Бывают теоретические формулы, которые тревожат мысль своей недоговоренностью, а в то же время считаются совершенно исчерпывающими свой предмет. К таким формулам принадлежит известное определение искусства, по которому оно есть мышление в образах, или, что то же самое, воплощение мысли (идеи) в образы.

Искусство, конечно, мыслит образами, возьмем ли мы поэзию, живопись, скульптуру, музыку или такие синтетические искусства, как театр, художественное кино и телевидение. Но только ли эти так называемые «изящные искусства» мыслят образами? Вспомним об архитектуре, о прикладных искусствах, да и о самом простом труде – разве не надо «мыслить» всякий создаваемый предмет сначала в его идеальной, образной форме, чтобы сделать его не просто хорошим, а красивым, «по законам красоты»?

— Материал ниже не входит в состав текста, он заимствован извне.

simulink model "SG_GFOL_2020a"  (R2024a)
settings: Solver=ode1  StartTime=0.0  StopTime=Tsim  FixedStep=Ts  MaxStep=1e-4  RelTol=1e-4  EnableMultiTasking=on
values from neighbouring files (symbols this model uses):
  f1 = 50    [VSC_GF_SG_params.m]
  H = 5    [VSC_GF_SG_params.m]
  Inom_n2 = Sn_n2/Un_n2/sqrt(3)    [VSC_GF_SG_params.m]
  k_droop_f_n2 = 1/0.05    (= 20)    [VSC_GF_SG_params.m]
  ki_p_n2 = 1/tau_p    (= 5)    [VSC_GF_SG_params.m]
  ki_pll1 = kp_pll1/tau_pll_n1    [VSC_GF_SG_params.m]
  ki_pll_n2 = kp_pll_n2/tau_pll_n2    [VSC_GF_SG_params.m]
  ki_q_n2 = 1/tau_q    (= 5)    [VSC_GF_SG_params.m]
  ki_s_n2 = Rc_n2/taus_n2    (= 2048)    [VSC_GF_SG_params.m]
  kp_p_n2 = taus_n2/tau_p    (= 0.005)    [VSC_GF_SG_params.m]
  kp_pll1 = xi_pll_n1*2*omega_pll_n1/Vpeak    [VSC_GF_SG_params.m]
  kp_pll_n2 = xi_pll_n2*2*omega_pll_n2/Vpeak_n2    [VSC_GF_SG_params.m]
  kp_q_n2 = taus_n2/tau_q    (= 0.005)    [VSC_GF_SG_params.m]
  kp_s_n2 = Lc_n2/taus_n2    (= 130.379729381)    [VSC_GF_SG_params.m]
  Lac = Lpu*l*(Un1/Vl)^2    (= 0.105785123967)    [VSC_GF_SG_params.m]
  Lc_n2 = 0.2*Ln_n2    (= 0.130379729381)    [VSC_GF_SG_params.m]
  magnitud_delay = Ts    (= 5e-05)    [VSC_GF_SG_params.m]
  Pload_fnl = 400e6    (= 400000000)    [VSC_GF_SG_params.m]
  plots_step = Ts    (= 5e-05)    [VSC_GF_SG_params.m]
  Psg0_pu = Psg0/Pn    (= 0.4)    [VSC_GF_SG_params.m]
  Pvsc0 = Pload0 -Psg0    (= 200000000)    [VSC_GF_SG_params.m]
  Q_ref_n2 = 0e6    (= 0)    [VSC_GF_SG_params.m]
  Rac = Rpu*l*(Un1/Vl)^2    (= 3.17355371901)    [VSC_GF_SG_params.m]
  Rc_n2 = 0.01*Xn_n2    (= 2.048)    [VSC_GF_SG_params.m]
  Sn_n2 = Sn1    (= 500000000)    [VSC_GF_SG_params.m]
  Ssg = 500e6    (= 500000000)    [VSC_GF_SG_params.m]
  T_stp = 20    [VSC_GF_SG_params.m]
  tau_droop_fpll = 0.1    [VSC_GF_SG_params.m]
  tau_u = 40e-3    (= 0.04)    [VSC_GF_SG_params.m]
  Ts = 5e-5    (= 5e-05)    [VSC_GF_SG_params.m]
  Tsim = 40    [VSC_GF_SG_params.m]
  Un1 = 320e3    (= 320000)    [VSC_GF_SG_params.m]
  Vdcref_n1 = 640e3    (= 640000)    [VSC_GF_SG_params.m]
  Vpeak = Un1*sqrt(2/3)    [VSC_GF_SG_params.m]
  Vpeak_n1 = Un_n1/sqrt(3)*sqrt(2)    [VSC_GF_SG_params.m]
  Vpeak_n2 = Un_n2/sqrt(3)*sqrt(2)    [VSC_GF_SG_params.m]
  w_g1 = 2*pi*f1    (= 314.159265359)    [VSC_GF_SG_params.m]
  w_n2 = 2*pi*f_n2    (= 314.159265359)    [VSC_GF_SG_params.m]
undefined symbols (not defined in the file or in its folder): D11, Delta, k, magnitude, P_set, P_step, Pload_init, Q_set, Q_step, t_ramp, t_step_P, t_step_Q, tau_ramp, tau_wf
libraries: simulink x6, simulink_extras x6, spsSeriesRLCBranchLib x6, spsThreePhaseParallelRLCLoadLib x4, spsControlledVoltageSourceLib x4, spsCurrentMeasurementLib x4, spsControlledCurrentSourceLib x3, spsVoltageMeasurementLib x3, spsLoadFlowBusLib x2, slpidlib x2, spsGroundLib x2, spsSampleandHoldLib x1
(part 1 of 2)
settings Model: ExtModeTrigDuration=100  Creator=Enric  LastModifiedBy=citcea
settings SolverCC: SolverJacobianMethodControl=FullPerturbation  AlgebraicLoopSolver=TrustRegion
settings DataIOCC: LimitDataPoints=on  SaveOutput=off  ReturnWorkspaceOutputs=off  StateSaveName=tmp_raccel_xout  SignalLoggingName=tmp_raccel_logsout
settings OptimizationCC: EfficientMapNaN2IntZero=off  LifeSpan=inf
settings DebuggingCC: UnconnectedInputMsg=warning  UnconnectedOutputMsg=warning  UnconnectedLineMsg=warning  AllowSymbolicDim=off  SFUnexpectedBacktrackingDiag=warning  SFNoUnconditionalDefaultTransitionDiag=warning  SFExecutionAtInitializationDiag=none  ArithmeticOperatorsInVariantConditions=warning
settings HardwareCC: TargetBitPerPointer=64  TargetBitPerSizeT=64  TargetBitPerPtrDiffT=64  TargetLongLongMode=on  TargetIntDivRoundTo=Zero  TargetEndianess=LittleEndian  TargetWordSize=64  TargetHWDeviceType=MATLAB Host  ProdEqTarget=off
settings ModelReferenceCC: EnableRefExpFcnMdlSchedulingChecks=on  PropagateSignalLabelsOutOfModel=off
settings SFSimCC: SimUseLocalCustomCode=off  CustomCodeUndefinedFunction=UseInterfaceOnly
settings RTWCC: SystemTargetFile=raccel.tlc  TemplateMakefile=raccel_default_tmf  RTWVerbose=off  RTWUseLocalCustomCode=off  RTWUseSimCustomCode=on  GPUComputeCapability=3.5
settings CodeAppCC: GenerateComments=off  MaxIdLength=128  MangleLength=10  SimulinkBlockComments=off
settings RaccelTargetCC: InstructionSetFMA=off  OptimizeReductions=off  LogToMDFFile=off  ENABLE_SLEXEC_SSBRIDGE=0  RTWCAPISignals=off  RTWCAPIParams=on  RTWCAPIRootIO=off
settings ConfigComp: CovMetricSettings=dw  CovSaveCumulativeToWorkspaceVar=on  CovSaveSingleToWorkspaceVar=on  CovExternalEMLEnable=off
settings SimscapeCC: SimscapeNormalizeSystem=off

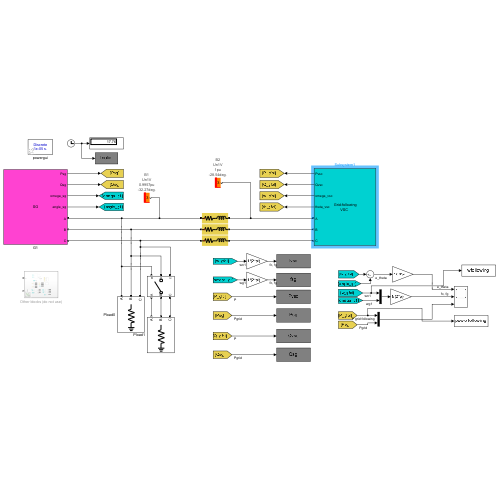
[thumbnail: Simulink's stored preview of the top-level diagram]
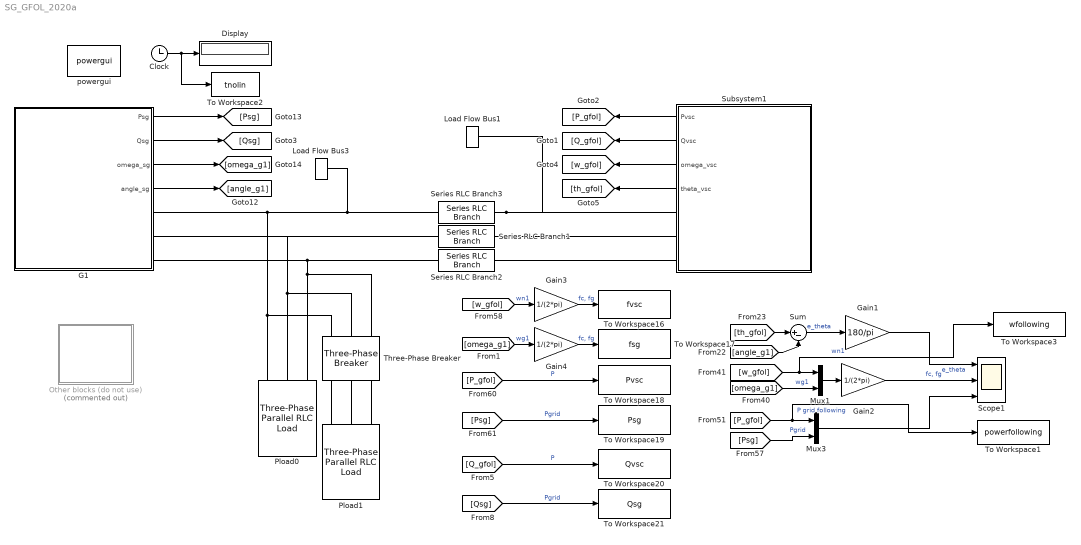
== system SG_GFOL_2020a ==
  Clock : Clock
  Display : Display
  G1 : Subsystem
      mask Display:
      | disp('SG')
      | %x = [0:0.001:1];
      | %y = 0.2*sin(10*x) + 0.5;
      | %plot(x,y)
  Gain1 : Gain  Gain=180/pi
  Gain2 : Gain  Gain=1/(2*pi)
  Gain3 : Gain  Gain=1/(2*pi)
  Gain4 : Gain  Gain=1/(2*pi)
  Load Flow Bus1 : spsLoadFlowBusLib/Load Flow Bus  LConnTagsString=a  Phases=single  Connectors=on one side  ID=B2  Vbase=Un1  Vref=1  Vangle=0  VLF=1  VLFb=1  VLFc=1  angleLF=-28.54  angleLFb=0  angleLFc=0
  Load Flow Bus3 : spsLoadFlowBusLib/Load Flow Bus  LConnTagsString=a  Phases=single  Connectors=on one side  ID=B1  Vbase=Un1  Vref=1  Vangle=0  VLF=0.9957  VLFb=1  VLFc=1  angleLF=-32.27  angleLFb=0  angleLFc=0
  Mux1 : Mux  Inputs=2
  Mux3 : Mux  Inputs=2
  Other blocks (do not use) : Subsystem  Commented=on
  Pload0 : spsThreePhaseParallelRLCLoadLib/Three-Phase Parallel RLC Load  LConnTagsString=A|B|C  Configuration=Y (grounded)  NominalVoltage=Vsg  Vabc=[1e3 1e3 1e3]  Vabcp=[1e3 1e3 1e3]  NominalFrequency=50  UnbalancedPower=off  ActivePower=Pload0  InductivePower=0  CapacitivePower=0  Pabc=[10e3 9e3 11e3]  QLabc=[100 90 110]  QCabc=[100 90 110]  Pabcp=[10e3 9e3 11e3]  QLabcp=[100 90 110]  QCabcp=[100 90 110]  Measurements=None  LoadType=constant Z
  Pload1 : spsThreePhaseParallelRLCLoadLib/Three-Phase Parallel RLC Load  LConnTagsString=A|B|C  Configuration=Y (grounded)  NominalVoltage=Vsg  Vabc=[1e3 1e3 1e3]  Vabcp=[1e3 1e3 1e3]  NominalFrequency=50  UnbalancedPower=off  ActivePower=Pload1  InductivePower=0  CapacitivePower=0  Pabc=[10e3 9e3 11e3]  QLabc=[100 90 110]  QCabc=[100 90 110]  Pabcp=[10e3 9e3 11e3]  QLabcp=[100 90 110]  QCabcp=[100 90 110]  Measurements=None  LoadType=constant Z
  Scope1 : Scope  NumInputPorts=3
  Series RLC Branch1 : spsSeriesRLCBranchLib/Series RLC Branch  LConnTagsString=__new0  RConnTagsString=__new0  BranchType=RL  Resistance=Rac  Inductance=Lac  SetiL0=off  InitialCurrent=0  Capacitance=0  Setx0=off  InitialVoltage=0  Measurements=None
  Series RLC Branch2 : spsSeriesRLCBranchLib/Series RLC Branch  LConnTagsString=__new0  RConnTagsString=__new0  BranchType=RL  Resistance=Rac  Inductance=Lac  SetiL0=off  InitialCurrent=0  Capacitance=0  Setx0=off  InitialVoltage=0  Measurements=None
  Series RLC Branch3 : spsSeriesRLCBranchLib/Series RLC Branch  LConnTagsString=__new0  RConnTagsString=__new0  BranchType=RL  Resistance=Rac  Inductance=Lac  SetiL0=off  InitialCurrent=0  Capacitance=0  Setx0=off  InitialVoltage=0  Measurements=None
  Subsystem1 : Subsystem
      mask Display: disp('VSC \n Grid-following')
  Sum : Sum  Inputs=|+-
  Three-Phase Breaker : spsThreePhaseBreakerLib/Three-Phase Breaker  InitialState=open  SwitchA=on  SwitchB=on  SwitchC=on  SwitchTimes=[T_stp 1000]  External=off  BreakerResistance=0.0001  SnubberResistance=inf  SnubberCapacitance=inf  Measurements=None
  To Workspace1 : ToWorkspace  VariableName=powerfollowing  SaveFormat=Timeseries  SampleTime=-1
  To Workspace16 : ToWorkspace  VariableName=fvsc  SampleTime=plots_step
  To Workspace17 : ToWorkspace  VariableName=fsg  SampleTime=plots_step
  To Workspace18 : ToWorkspace  VariableName=Pvsc  SampleTime=plots_step
  To Workspace19 : ToWorkspace  VariableName=Psg  SampleTime=plots_step
  To Workspace2 : ToWorkspace  VariableName=tnolin  SampleTime=plots_step
  To Workspace20 : ToWorkspace  VariableName=Qvsc  SampleTime=plots_step
  To Workspace21 : ToWorkspace  VariableName=Qsg  SampleTime=plots_step
  To Workspace3 : ToWorkspace  VariableName=wfollowing  SaveFormat=Timeseries  SampleTime=-1
  powergui : sps_lib/powergui  Priority=1  SimulationMode=Discrete  SampleTime=Ts  frequency=50  Iterations=50  frequencyindice=0  Pbase=100e6  ErrMax=0.0001  UnitsV=kV  UnitsW=MW  buscounter=0  FunctionMessages=off  echomessages=off  EnableUseOfTLC=off  CurrentSourceSwitches=off  DisableSnubberDevices=off  DisableRonSwitches=off  DisableVfSwitches=off  DisplayEquations=off  AutomaticDiscreteSolvers=off  SolverType=Tustin  Interpol=off  ExternalGateDelay=off  methode=off  Ts=0  x0status=blocks  SPID=off  SwTol=0  HookPort=off  NonlinearTolerance=1e-4  nMaxIteration=100  ContinueOnMaxIteration=off  RestoreLinks=warning  ResistiveCurrentMeasurement=off  Frange=[0:2:500]  Ylog=off  Xlog=on  ShowGrid=off  save=off  variable=ZData  structure=Vk  ZoomFFT=off  StartTime=2.01  cycles=3  DisplayStyle=1  fundamental=50  FreqAxis=off  MaxFrequency=1000  frequencyindicesteady=1  RmsSteady=1  display=off
  wires:
  Clock/1 -> To Workspace2/1, Display/1
  [th_gfol] -> Sum/1
  [angle_g1] -> Sum/2
  Sum/1 -> Gain1/1  "e_theta"
  [w_gfol] -> To Workspace3/1, Mux1/1  "wn1"
  [omega_g1] -> Mux1/2  "wg1"
  Mux1/1 -> Gain2/1
  Gain2/1 -> Scope1/2  "fc, fg"
  Gain1/1 -> Scope1/1  "e_theta"
  [P_gfol] -> To Workspace1/1, Mux3/1  "P grid following"
  [Psg] -> Mux3/2  "Pgrid"
  Mux3/1 -> Scope1/3
  [w_gfol] -> Gain3/1  "wn1"
  Gain3/1 -> To Workspace16/1  "fc, fg"
  Gain4/1 -> To Workspace17/1  "fc, fg"
  [omega_g1] -> Gain4/1  "wg1"
  [P_gfol] -> To Workspace18/1  "P"
  [Psg] -> To Workspace19/1  "Pgrid"
  G1/1(Psg) -> [Psg]
  G1/3(omega_sg) -> [omega_g1]
  G1/4(angle_sg) -> [angle_g1]
  Subsystem1/4(theta_vsc) -> [th_gfol]
  Subsystem1/3(omega_vsc) -> [w_gfol]
  Subsystem1/1(Pvsc) -> [P_gfol]
  Subsystem1/2(Qvsc) -> [Q_gfol]
  [Qsg] -> To Workspace21/1  "Pgrid"
  [Q_gfol] -> To Workspace20/1  "P"
  G1/2(Qsg) -> [Qsg]
  connections:
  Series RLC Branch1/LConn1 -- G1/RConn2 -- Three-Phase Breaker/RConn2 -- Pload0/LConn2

Но тут нас прерывает голос читателя:

– Неужели вы полагаете, что образ Печорина и образ какого-нибудь стола – это одно и то же?

– Нет, дорогой читатель, как раз этого-то мы и не полагаем, а хотим обратить ваше внимание на тот факт, что в формуле «мышление в образах» ни словом не говорится о том, какой образ свойствен искусству в собственном смысле, – говорится об образе вообще, стало быть, о самом элементарном конкретно-чувственном образе. Вот вы назвали Печорина, то есть образ человека определенного характера. Можно ли понять вас так, что образ, специфичный для искусства, – это образ человека, то есть что человек – специфичный предмет искусства?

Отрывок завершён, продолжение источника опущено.